» WHAT YOU NEED TO DO
Below are entries with pictures among them; reproduce exactly, and only, the lines from the one containing "- Insert:8: P017-Carter_chapeau:1" down to the one containing "Author: Zhensheng", without the pictures.

[SUPPLIED RECORDS Boundary: Start]

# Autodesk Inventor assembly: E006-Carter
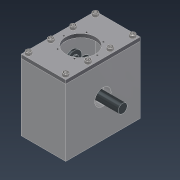
[picture p0: Inventor's stored thumbnail of the model, 180x180]
Saved by Autodesk Inventor 2021.3 (Build 253353000, 353)
## iProperties
Created: 2022-04-01
Part Number: E006-Carter
Document SubType Name: Assembly
Designer: remi
Author: remi
## Documents named in this file (5)
- C:\Users\remi\OneDrive\Documents\Cours\05-HEVS\S2fb\mechanic\CCo\project\Compressor\E006-Carter.iam
- C:\Users\remi\OneDrive\Documents\Cours\05-HEVS\S2fb\mechanic\CCo\project\Compressor\P016-Carter_corps.ipt
- C:\Users\remi\OneDrive\Documents\Cours\05-HEVS\S2fb\mechanic\CCo\project\Compressor\P015-Vilbrequin.ipt
- C:\Users\remi\OneDrive\Documents\Cours\05-HEVS\S2fb\mechanic\CCo\project\Compressor\P017-Carter_chapeau.ipt
- C:\Users\remi\OneDrive\Documents\Cours\05-HEVS\S2fb\mechanic\CCo\project\Compressor\R2021\en-US\AS 1420\AS 1420 - 1973 - M4 x 12.ipt
## Components (11 placed, 4 different names)
1. P016-Carter_corps:1 — Mate:1, Mate:2, Flush:1, Flush:2
2. P015-Vilbrequin:1 — Mate:1
3. P017-Carter_chapeau:1 — Mate:2, Flush:1, Flush:2, Insert:1, Insert:2, Insert:3, Insert:4, Insert:5, Insert:6, Insert:7, Insert:8
4. AS 1420 - Metric M4 x 12:1 — Insert:1
5. AS 1420 - Metric M4 x 12:2 — Insert:2
6. AS 1420 - Metric M4 x 12:3 — Insert:3
7. AS 1420 - Metric M4 x 12:4 — Insert:4
8. AS 1420 - Metric M4 x 12:5 — Insert:5
9. AS 1420 - Metric M4 x 12:6 — Insert:6
10. AS 1420 - Metric M4 x 12:7 — Insert:7
11. AS 1420 - Metric M4 x 12:8 — Insert:8
## Relationships (12: Insert 8, Mate 2, Flush 2)
- Mate:1: P016-Carter_corps:1 ↔ P015-Vilbrequin:1
- Mate:2: P016-Carter_corps:1 ↔ P017-Carter_chapeau:1
- Flush:1: P016-Carter_corps:1 ↔ P017-Carter_chapeau:1
- Flush:2: P016-Carter_corps:1 ↔ P017-Carter_chapeau:1
- Insert:1: P017-Carter_chapeau:1 ↔ AS 1420 - Metric M4 x 12:1
- Insert:2: P017-Carter_chapeau:1 ↔ AS 1420 - Metric M4 x 12:2
- Insert:3: P017-Carter_chapeau:1 ↔ AS 1420 - Metric M4 x 12:3
- Insert:4: P017-Carter_chapeau:1 ↔ AS 1420 - Metric M4 x 12:4
- Insert:5: P017-Carter_chapeau:1 ↔ AS 1420 - Metric M4 x 12:5
- Insert:6: P017-Carter_chapeau:1 ↔ AS 1420 - Metric M4 x 12:6
- Insert:7: P017-Carter_chapeau:1 ↔ AS 1420 - Metric M4 x 12:7
- Insert:8: P017-Carter_chapeau:1 ↔ AS 1420 - Metric M4 x 12:8
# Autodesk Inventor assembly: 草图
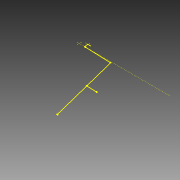
[picture p0: Inventor's stored thumbnail of the model, 180x180]
Saved by Autodesk Inventor 2013 (Build 170138000, 138)
## iProperties
Created: 2012-05-06
Part Number: 草图
Document SubType Name: Assembly
Designer: Zhensheng
Author: Zhensheng
## Documents named in this file (8)
- E:\inventor\牛头刨床概念设计\草图.iam
- E:\inventor\牛头刨床概念设计\草图.ipt
- E:\inventor\牛头刨床概念设计\曲柄.ipt
- E:\inventor\牛头刨床概念设计\摇杆.ipt
- E:\inventor\牛头刨床概念设计\滑块.ipt
- E:\inventor\牛头刨床概念设计\连杆.ipt
- E:\inventor\牛头刨床概念设计\机架one.iam
- E:\inventor\牛头刨床概念设计\导路.ipt
## Components (8 placed, 7 different names)
1. 草图:1
2. 曲柄:1 — 配合:1, 配合:6
3. 摇杆:1 — 配合:2, 配合:3, 配合:7
4. 滑块:1 — 配合:1, 配合:2
5. 连杆:1 — 配合:3, 配合:4
6. 机架one:1 [sub-assembly] — 配合:6, 配合:7
7. 滑块:2 — 配合:4, 配合:5
8. 导路:1 — 配合:5
## Relationships (14: Composite 7, Mate 7)
- [Composite]: 草图:1 ↔ 曲柄:1
- [Composite]: 草图:1 ↔ 摇杆:1
- [Composite]: 草图:1 ↔ 滑块:1
- [Composite]: 草图:1 ↔ 连杆:1
- [Composite]: 草图:1 ↔ 机架one:1
- [Composite]: 草图:1 ↔ 滑块:2
- [Composite]: 草图:1 ↔ 导路:1
- 配合:1 [Mate]: 曲柄:1 ↔ 滑块:1
- 配合:2 [Mate]: 摇杆:1 ↔ 滑块:1
- 配合:3 [Mate]: 摇杆:1 ↔ 连杆:1
- 配合:4 [Mate]: 连杆:1 ↔ 滑块:2
- 配合:5 [Mate]: 滑块:2 ↔ 导路:1
- 配合:6 [Mate]: 曲柄:1 ↔ 机架one:1
- 配合:7 [Mate]: 摇杆:1 ↔ 机架one:1
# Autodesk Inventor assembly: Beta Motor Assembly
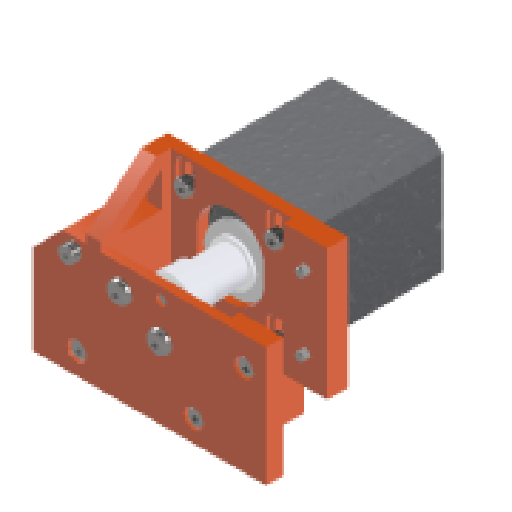
[picture p0: Inventor's stored thumbnail of the model, 512x512]
Saved by Autodesk Inventor 2023.2 (Build 272271000, 271)
## iProperties
Created: 2023-02-03
Part Number: Beta Motor Assembly
Document SubType Name: Assembly
Designer: remop
Author: remop
## Documents named in this file (8)
- C:\Users\remop\OneDrive\Documents\Inventor\3D Printers\LuEVO\Mk5_FullKinematic\Beta Motor Assembly.iam
- C:\Users\remop\OneDrive\Documents\Inventor\3D Printers\LuEVO\Mk5_FullKinematic\Beta Motor Mount.ipt
- C:\Users\remop\OneDrive\Documents\Inventor\3D Printers\LuEVO\Mk5_FullKinematic\XY Axis Motor (Stepper).ipt
- C:\Users\remop\OneDrive\Documents\Inventor\3D Printers\LuEVO\Mk5_FullKinematic\Belt Pulley.ipt
- C:\Users\remop\OneDrive\Documents\Inventor\3D Printers\LuEVO\Mk5_FullKinematic\Alpha Idler Top.ipt
- C:\Users\remop\OneDrive\Documents\Inventor\Content Center Files\R2023\en-US\AS 1420\AS 1420 - 1973 - M3 x 6.ipt
- C:\Users\remop\OneDrive\Documents\Inventor\Content Center Files\R2023\en-US\AS 1420\AS 1420 - 1973 - M3 x 12.ipt
- C:\Users\remop\OneDrive\Documents\Inventor\Content Center Files\R2023\en-US\BS 4168(6)\BS 4168 - M4 x 8(6).ipt
## Components (18 placed, 7 different names)
1. Beta Motor Mount:1 — Rigid:3, Flush:1, Flush:2, Mate:1, Insert:4, Insert:5, Insert:6, Insert:7, Insert:8, Insert:11, Insert:13, Insert:15
2. XY Axis Motor (Stepper):1 — Rigid:2, Rigid:3
3. Belt Pulley:1 — Rigid:2
4. Alpha Idler Top:1 — Flush:1, Flush:2, Mate:1, Insert:1, Insert:2, Insert:3, Mate:2, Mate:3, Insert:16, Insert:17
5. AS 1420 - Metric M3 x 6:1 — Insert:1
6. AS 1420 - Metric M3 x 6:2 — Insert:2
7. AS 1420 - Metric M3 x 6:3 — Insert:3
8. AS 1420 - Metric M3 x 6:4 — Insert:4
9. AS 1420 - Metric M3 x 6:5 — Insert:5
10. AS 1420 - Metric M3 x 6:6 — Insert:6
11. AS 1420 - Metric M3 x 6:7 — Insert:7
12. AS 1420 - Metric M3 x 6:8 — Insert:8
13. AS 1420 - Metric M3 x 6:11 — Insert:11
14. AS 1420 - Metric M3 x 6:13 — Insert:13
15. AS 1420 - Metric M3 x 6:15 — Insert:15
16. AS 1420 - Metric M3 x 12:1 — Mate:2, Mate:3
17. BS 4168 : Part 6 Hexagon socket countersunk and button head screws - Metric series - Metric M4 x 8:1 — Insert:16
18. BS 4168 : Part 6 Hexagon socket countersunk and button head screws - Metric series - Metric M4 x 8:2 — Insert:17
## Relationships (20: Insert 13, Mate 3, WeldJoint 2, Flush 2)
- Rigid:2 [WeldJoint] (-0.5 mm): XY Axis Motor (Stepper):1 ↔ Belt Pulley:1
- Rigid:3 [WeldJoint]: Beta Motor Mount:1 ↔ XY Axis Motor (Stepper):1
- Flush:1: Beta Motor Mount:1 ↔ Alpha Idler Top:1
- Flush:2: Beta Motor Mount:1 ↔ Alpha Idler Top:1
- Mate:1 (15 mm): Beta Motor Mount:1 ↔ Alpha Idler Top:1
- Insert:1: Alpha Idler Top:1 ↔ AS 1420 - Metric M3 x 6:1
- Insert:2: Alpha Idler Top:1 ↔ AS 1420 - Metric M3 x 6:2
- Insert:3: Alpha Idler Top:1 ↔ AS 1420 - Metric M3 x 6:3
- Insert:4: Beta Motor Mount:1 ↔ AS 1420 - Metric M3 x 6:4
- Insert:5: Beta Motor Mount:1 ↔ AS 1420 - Metric M3 x 6:5
- Insert:6: Beta Motor Mount:1 ↔ AS 1420 - Metric M3 x 6:6
- Insert:7: Beta Motor Mount:1 ↔ AS 1420 - Metric M3 x 6:7
- Insert:8: Beta Motor Mount:1 ↔ AS 1420 - Metric M3 x 6:8
- Insert:11: Beta Motor Mount:1 ↔ AS 1420 - Metric M3 x 6:11
- Insert:13: Beta Motor Mount:1 ↔ AS 1420 - Metric M3 x 6:13
- Insert:15: Beta Motor Mount:1 ↔ AS 1420 - Metric M3 x 6:15
- Mate:2: Alpha Idler Top:1 ↔ AS 1420 - Metric M3 x 12:1
- Mate:3: Alpha Idler Top:1 ↔ AS 1420 - Metric M3 x 12:1
- Insert:16: Alpha Idler Top:1 ↔ BS 4168 : Part 6 Hexagon socket countersunk and button head screws - Metric series - Metric M4 x 8:1
- Insert:17: Alpha Idler Top:1 ↔ BS 4168 : Part 6 Hexagon socket countersunk and button head screws - Metric series - Metric M4 x 8:2

[SUPPLIED RECORDS Boundary: End]

» EXPECTED ANSWER
- Insert:8: P017-Carter_chapeau:1 ↔ AS 1420 - Metric M4 x 12:8
# Autodesk Inventor assembly: 草图
[picture p0: Inventor's stored thumbnail of the model, 180x180]
Saved by Autodesk Inventor 2013 (Build 170138000, 138)
## iProperties
Created: 2012-05-06
Part Number: 草图
Document SubType Name: Assembly
Designer: Zhensheng
Author: Zhensheng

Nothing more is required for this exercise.